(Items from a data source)
▼
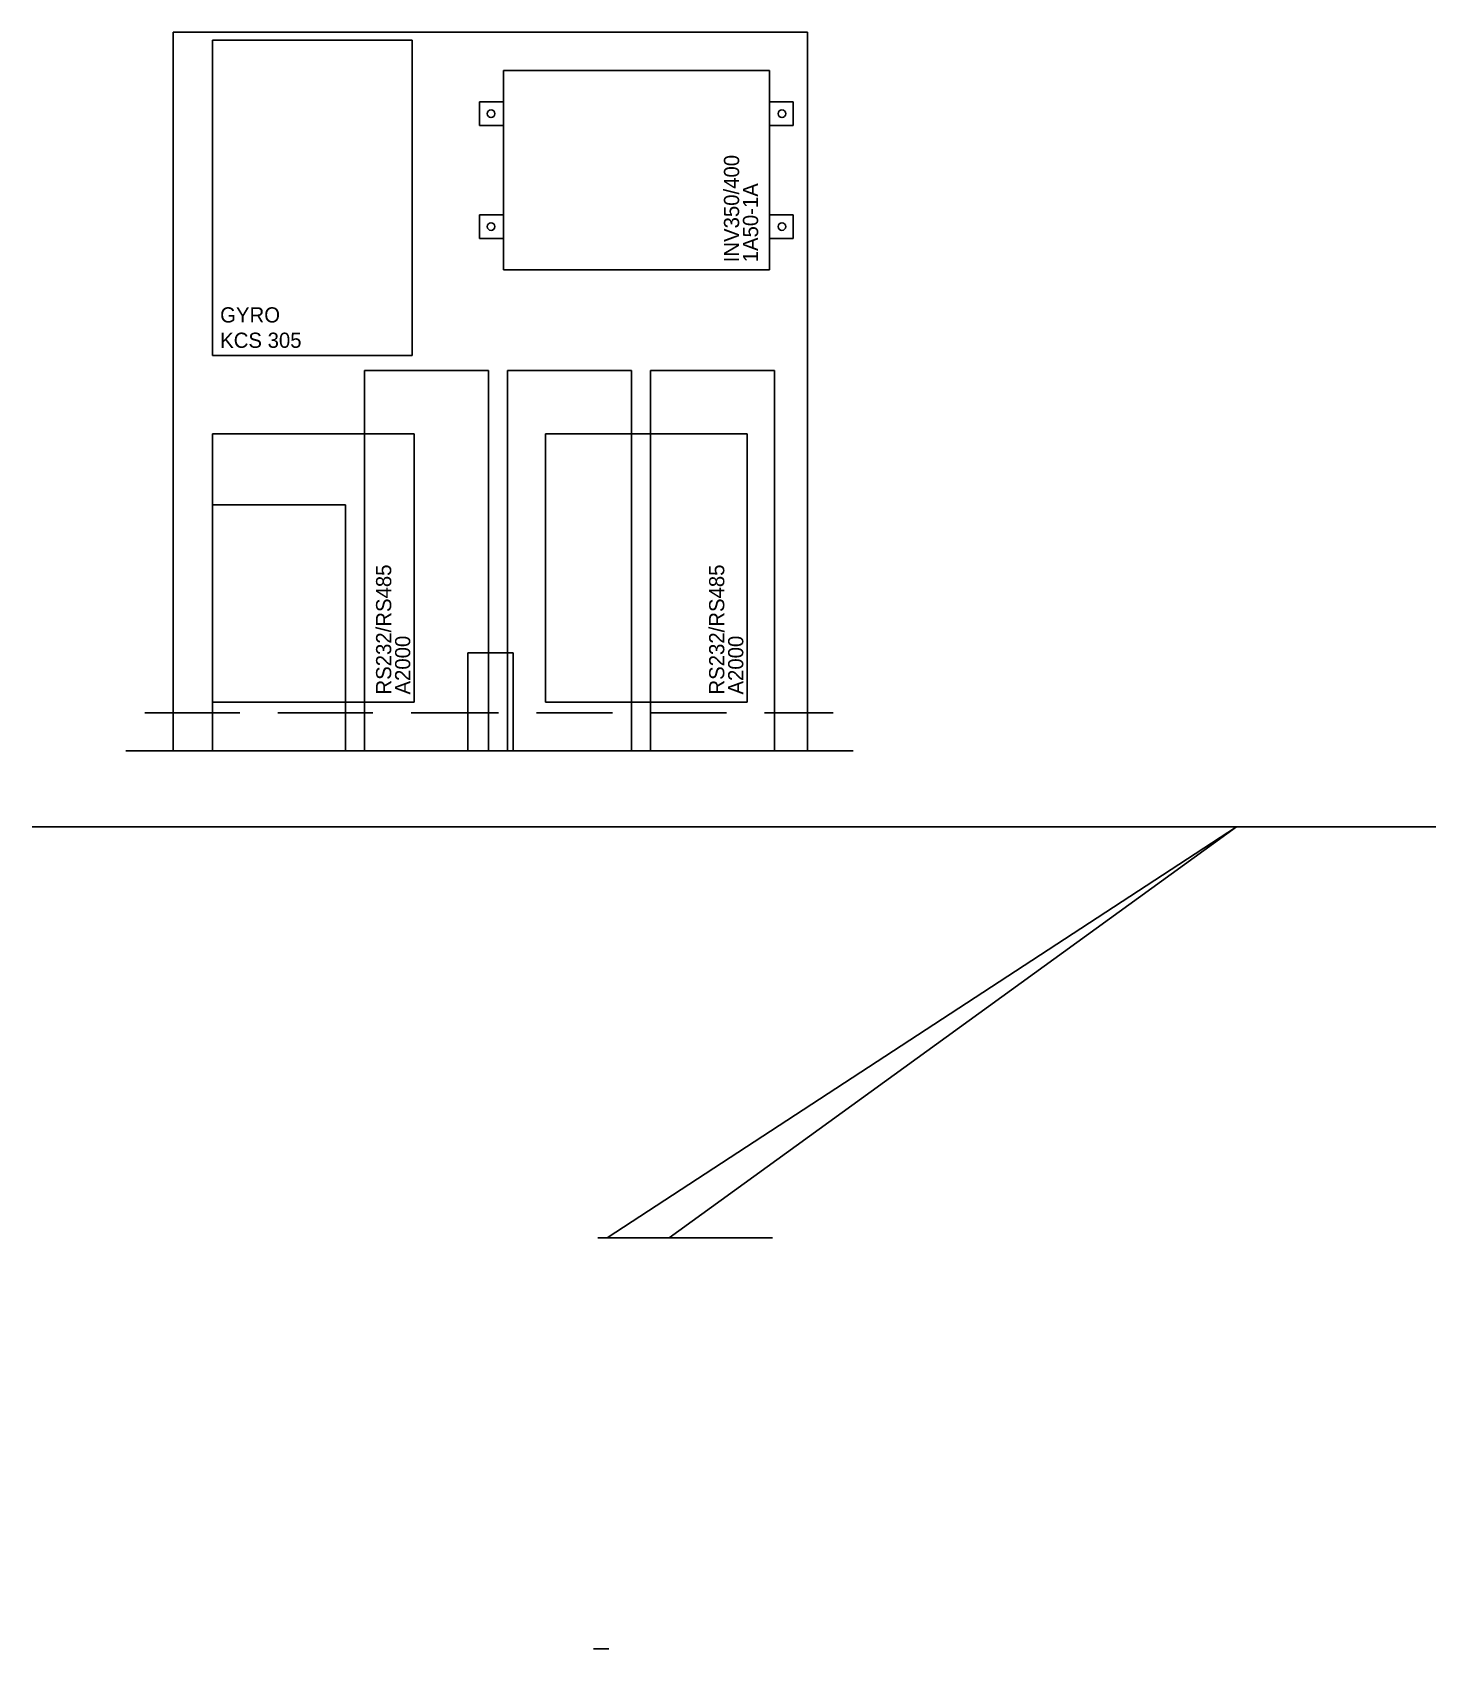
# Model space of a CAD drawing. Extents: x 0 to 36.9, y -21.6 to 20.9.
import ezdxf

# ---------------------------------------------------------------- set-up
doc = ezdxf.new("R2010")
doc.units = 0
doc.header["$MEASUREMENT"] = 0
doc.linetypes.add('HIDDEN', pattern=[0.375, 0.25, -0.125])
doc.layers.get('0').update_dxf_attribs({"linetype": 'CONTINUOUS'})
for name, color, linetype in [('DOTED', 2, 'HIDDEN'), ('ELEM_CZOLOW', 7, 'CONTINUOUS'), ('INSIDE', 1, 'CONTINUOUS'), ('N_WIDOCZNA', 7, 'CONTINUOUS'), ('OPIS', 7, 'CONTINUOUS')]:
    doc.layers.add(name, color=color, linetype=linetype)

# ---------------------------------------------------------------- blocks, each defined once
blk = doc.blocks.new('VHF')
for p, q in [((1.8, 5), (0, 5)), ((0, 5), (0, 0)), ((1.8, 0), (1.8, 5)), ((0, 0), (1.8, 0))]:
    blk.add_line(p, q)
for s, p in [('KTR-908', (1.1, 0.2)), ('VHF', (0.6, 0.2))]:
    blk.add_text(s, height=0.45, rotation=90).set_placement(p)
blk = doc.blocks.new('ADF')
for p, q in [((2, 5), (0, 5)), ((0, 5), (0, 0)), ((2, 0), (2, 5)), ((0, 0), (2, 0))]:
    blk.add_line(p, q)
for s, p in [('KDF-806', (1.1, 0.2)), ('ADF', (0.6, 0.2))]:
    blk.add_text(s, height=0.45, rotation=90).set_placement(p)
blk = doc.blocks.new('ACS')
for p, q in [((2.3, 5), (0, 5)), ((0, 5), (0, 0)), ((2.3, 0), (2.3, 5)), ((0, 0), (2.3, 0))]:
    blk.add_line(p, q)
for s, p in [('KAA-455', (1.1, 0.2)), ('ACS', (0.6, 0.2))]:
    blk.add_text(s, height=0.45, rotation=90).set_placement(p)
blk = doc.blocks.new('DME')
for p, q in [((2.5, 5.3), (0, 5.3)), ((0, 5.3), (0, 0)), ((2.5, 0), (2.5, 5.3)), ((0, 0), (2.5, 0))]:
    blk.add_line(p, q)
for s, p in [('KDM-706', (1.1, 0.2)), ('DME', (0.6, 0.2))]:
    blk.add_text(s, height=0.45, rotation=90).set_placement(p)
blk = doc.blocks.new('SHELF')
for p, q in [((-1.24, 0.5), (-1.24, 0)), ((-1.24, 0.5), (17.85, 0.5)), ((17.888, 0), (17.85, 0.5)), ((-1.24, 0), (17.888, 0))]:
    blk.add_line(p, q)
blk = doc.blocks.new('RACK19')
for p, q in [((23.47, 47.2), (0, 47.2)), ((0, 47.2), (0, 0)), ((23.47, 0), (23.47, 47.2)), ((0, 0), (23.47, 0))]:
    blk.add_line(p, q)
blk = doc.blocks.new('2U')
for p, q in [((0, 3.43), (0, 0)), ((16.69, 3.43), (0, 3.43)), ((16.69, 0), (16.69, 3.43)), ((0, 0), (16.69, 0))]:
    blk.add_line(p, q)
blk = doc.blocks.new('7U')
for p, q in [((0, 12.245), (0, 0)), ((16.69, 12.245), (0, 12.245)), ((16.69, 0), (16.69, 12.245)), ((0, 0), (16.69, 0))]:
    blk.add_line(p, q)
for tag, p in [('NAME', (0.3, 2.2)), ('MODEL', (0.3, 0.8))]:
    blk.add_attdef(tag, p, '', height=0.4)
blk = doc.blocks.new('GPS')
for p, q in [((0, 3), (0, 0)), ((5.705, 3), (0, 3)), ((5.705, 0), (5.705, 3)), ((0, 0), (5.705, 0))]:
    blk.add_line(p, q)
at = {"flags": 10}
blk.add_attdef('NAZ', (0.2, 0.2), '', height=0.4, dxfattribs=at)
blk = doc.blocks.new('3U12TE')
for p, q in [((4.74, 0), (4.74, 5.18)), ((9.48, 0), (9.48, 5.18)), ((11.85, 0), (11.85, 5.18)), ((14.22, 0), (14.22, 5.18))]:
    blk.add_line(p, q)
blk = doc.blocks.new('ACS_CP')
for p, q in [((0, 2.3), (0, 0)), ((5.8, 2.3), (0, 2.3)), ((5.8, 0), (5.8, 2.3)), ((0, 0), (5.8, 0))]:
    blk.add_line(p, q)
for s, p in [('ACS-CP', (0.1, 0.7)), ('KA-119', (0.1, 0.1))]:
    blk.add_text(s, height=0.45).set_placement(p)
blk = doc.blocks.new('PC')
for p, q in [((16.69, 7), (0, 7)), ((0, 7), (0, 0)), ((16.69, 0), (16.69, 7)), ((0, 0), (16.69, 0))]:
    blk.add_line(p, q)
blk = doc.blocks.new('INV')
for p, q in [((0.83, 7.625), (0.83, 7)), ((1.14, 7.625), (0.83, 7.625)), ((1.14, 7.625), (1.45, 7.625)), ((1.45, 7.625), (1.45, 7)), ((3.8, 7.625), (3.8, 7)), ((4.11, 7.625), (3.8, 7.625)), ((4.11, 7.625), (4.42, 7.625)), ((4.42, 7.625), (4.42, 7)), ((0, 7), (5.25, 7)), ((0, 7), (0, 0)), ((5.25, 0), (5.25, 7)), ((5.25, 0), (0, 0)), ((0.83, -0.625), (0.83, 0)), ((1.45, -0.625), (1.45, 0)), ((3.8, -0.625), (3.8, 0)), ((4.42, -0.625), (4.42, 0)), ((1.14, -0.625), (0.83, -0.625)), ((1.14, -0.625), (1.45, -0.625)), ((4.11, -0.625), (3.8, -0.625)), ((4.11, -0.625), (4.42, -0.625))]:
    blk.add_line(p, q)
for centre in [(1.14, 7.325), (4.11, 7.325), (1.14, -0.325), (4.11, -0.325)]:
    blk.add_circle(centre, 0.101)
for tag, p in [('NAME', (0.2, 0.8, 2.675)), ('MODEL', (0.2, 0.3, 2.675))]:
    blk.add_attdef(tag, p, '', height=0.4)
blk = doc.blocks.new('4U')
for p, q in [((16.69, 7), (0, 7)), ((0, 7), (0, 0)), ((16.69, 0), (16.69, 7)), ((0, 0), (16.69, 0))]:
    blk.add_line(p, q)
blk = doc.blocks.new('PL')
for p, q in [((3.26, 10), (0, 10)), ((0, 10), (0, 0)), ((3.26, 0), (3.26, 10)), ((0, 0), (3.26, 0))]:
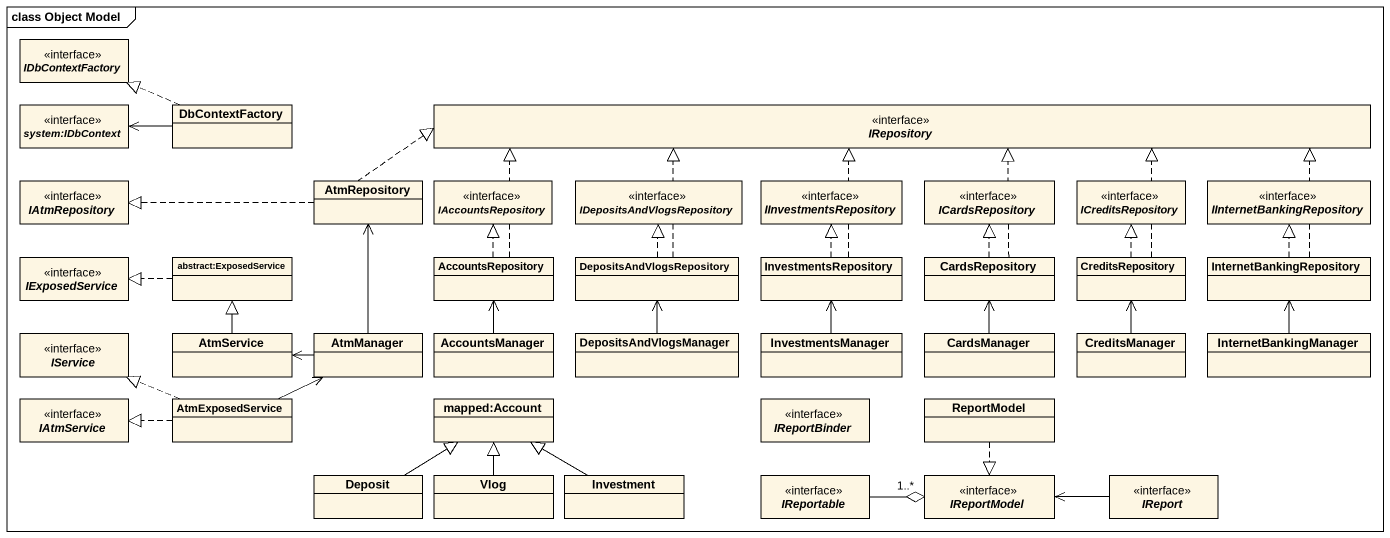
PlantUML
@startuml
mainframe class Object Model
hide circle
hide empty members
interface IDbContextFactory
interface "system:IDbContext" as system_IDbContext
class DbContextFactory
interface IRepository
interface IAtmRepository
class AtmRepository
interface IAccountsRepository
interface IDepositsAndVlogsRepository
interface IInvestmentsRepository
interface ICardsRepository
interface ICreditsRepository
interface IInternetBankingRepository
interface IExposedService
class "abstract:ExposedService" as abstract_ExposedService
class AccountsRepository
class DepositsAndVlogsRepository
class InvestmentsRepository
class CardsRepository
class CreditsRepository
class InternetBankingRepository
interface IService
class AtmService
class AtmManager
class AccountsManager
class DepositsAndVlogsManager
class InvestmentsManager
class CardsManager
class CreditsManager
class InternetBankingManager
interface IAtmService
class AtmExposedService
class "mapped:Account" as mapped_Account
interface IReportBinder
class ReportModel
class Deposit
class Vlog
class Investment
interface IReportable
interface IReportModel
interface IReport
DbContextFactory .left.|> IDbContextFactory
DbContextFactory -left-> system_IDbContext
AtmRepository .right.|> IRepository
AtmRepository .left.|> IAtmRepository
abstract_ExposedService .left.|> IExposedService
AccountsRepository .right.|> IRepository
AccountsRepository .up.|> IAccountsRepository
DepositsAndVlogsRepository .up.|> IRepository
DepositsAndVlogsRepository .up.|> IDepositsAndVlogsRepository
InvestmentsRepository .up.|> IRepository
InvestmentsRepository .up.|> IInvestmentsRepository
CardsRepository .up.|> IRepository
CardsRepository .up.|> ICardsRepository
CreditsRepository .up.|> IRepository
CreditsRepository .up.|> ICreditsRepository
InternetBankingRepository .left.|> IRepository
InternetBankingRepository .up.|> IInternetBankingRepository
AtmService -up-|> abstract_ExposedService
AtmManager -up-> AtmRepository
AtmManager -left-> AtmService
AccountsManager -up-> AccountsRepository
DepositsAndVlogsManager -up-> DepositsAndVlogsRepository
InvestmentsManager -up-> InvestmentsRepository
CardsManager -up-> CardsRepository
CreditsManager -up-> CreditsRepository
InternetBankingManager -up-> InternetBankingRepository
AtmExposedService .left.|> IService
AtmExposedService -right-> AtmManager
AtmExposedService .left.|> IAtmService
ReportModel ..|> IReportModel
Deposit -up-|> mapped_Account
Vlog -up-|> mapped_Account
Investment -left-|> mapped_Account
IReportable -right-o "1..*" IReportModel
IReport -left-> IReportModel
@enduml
▲
● What you should do: Instructions for the copy: start at the first entry, stop after the line containing "blk = doc.blocks.new('VHF')", keep every line exact, and drop the pictures.

● Reply:
# Model space of a CAD drawing. Extents: x 0 to 36.9, y -21.6 to 20.9.
import ezdxf

# ---------------------------------------------------------------- set-up
doc = ezdxf.new("R2010")
doc.units = 0
doc.header["$MEASUREMENT"] = 0
doc.linetypes.add('HIDDEN', pattern=[0.375, 0.25, -0.125])
doc.layers.get('0').update_dxf_attribs({"linetype": 'CONTINUOUS'})
for name, color, linetype in [('DOTED', 2, 'HIDDEN'), ('ELEM_CZOLOW', 7, 'CONTINUOUS'), ('INSIDE', 1, 'CONTINUOUS'), ('N_WIDOCZNA', 7, 'CONTINUOUS'), ('OPIS', 7, 'CONTINUOUS')]:
    doc.layers.add(name, color=color, linetype=linetype)

# ---------------------------------------------------------------- blocks, each defined once
blk = doc.blocks.new('VHF')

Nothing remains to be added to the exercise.